=== Section Start ===

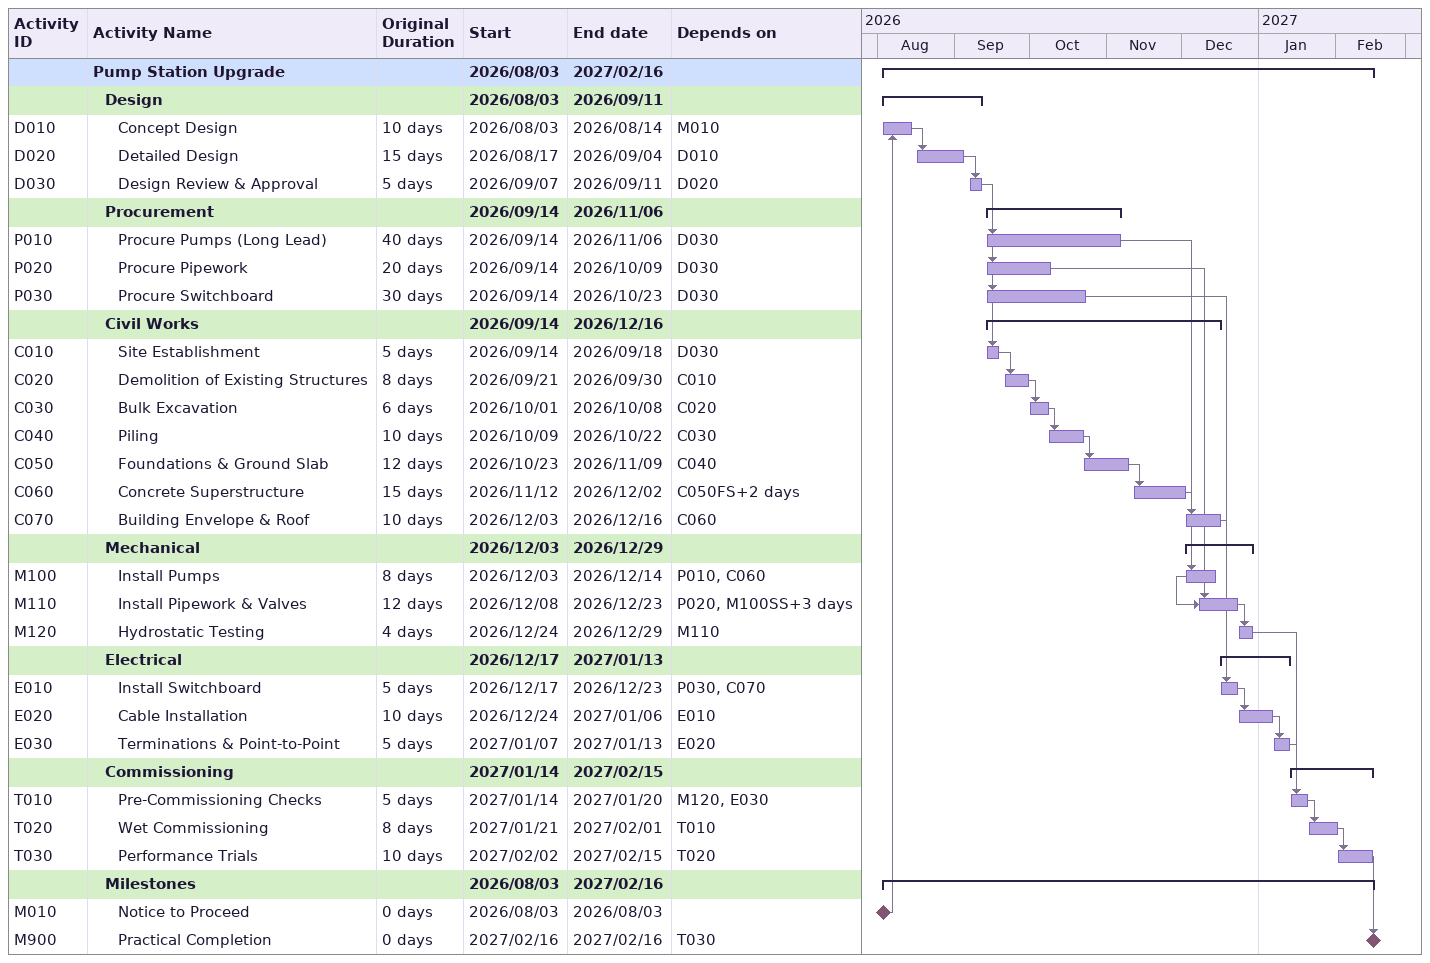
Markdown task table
| ID | Level | Task | Original duration | Start | Finish | Predecessors |
|---|---|---|---|---|---|---|
|  | 1 | **Pump Station Upgrade** |  | 2026-08-03 | 2027-02-16 |  |
|  | 2 | **Design** |  | 2026-08-03 | 2026-09-11 |  |
| D010 | 3 | Concept Design | 10d | 2026-08-03 | 2026-08-14 | M010 |
| D020 | 3 | Detailed Design | 15d | 2026-08-17 | 2026-09-04 | D010 |
| D030 | 3 | Design Review & Approval | 5d | 2026-09-07 | 2026-09-11 | D020 |
|  | 2 | **Procurement** |  | 2026-09-14 | 2026-11-06 |  |
| P010 | 3 | Procure Pumps (Long Lead) | 40d | 2026-09-14 | 2026-11-06 | D030 |
| P020 | 3 | Procure Pipework | 20d | 2026-09-14 | 2026-10-09 | D030 |
| P030 | 3 | Procure Switchboard | 30d | 2026-09-14 | 2026-10-23 | D030 |
|  | 2 | **Civil Works** |  | 2026-09-14 | 2026-12-16 |  |
| C010 | 3 | Site Establishment | 5d | 2026-09-14 | 2026-09-18 | D030 |
| C020 | 3 | Demolition of Existing Structures | 8d | 2026-09-21 | 2026-09-30 | C010 |
| C030 | 3 | Bulk Excavation | 6d | 2026-10-01 | 2026-10-08 | C020 |
| C040 | 3 | Piling | 10d | 2026-10-09 | 2026-10-22 | C030 |
| C050 | 3 | Foundations & Ground Slab | 12d | 2026-10-23 | 2026-11-09 | C040 |
| C060 | 3 | Concrete Superstructure | 15d | 2026-11-12 | 2026-12-02 | C050FS+2d |
| C070 | 3 | Building Envelope & Roof | 10d | 2026-12-03 | 2026-12-16 | C060 |
|  | 2 | **Mechanical** |  | 2026-12-03 | 2026-12-29 |  |
| M100 | 3 | Install Pumps | 8d | 2026-12-03 | 2026-12-14 | P010, C060 |
| M110 | 3 | Install Pipework & Valves | 12d | 2026-12-08 | 2026-12-23 | P020, M100SS+3d |
| M120 | 3 | Hydrostatic Testing | 4d | 2026-12-24 | 2026-12-29 | M110 |
|  | 2 | **Electrical** |  | 2026-12-17 | 2027-01-13 |  |
| E010 | 3 | Install Switchboard | 5d | 2026-12-17 | 2026-12-23 | P030, C070 |
| E020 | 3 | Cable Installation | 10d | 2026-12-24 | 2027-01-06 | E010 |
| E030 | 3 | Terminations & Point-to-Point | 5d | 2027-01-07 | 2027-01-13 | E020 |
|  | 2 | **Commissioning** |  | 2027-01-14 | 2027-02-15 |  |
| T010 | 3 | Pre-Commissioning Checks | 5d | 2027-01-14 | 2027-01-20 | M120, E030 |
| T020 | 3 | Wet Commissioning | 8d | 2027-01-21 | 2027-02-01 | T010 |
| T030 | 3 | Performance Trials | 10d | 2027-02-02 | 2027-02-15 | T020 |
|  | 2 | **Milestones** |  | 2026-08-03 | 2027-02-16 |  |
| M010 | 3 | Notice to Proceed | 0d | 2026-08-03 | 2026-08-03 |  |
| M900 | 3 | Practical Completion | 0d | 2027-02-16 | 2027-02-16 | T030 |

=== Section End ===

Only one thing is wanted in reply: the number of lines in the entries that hold the string "Pipework".

◆ WRITTEN ANSWER: 2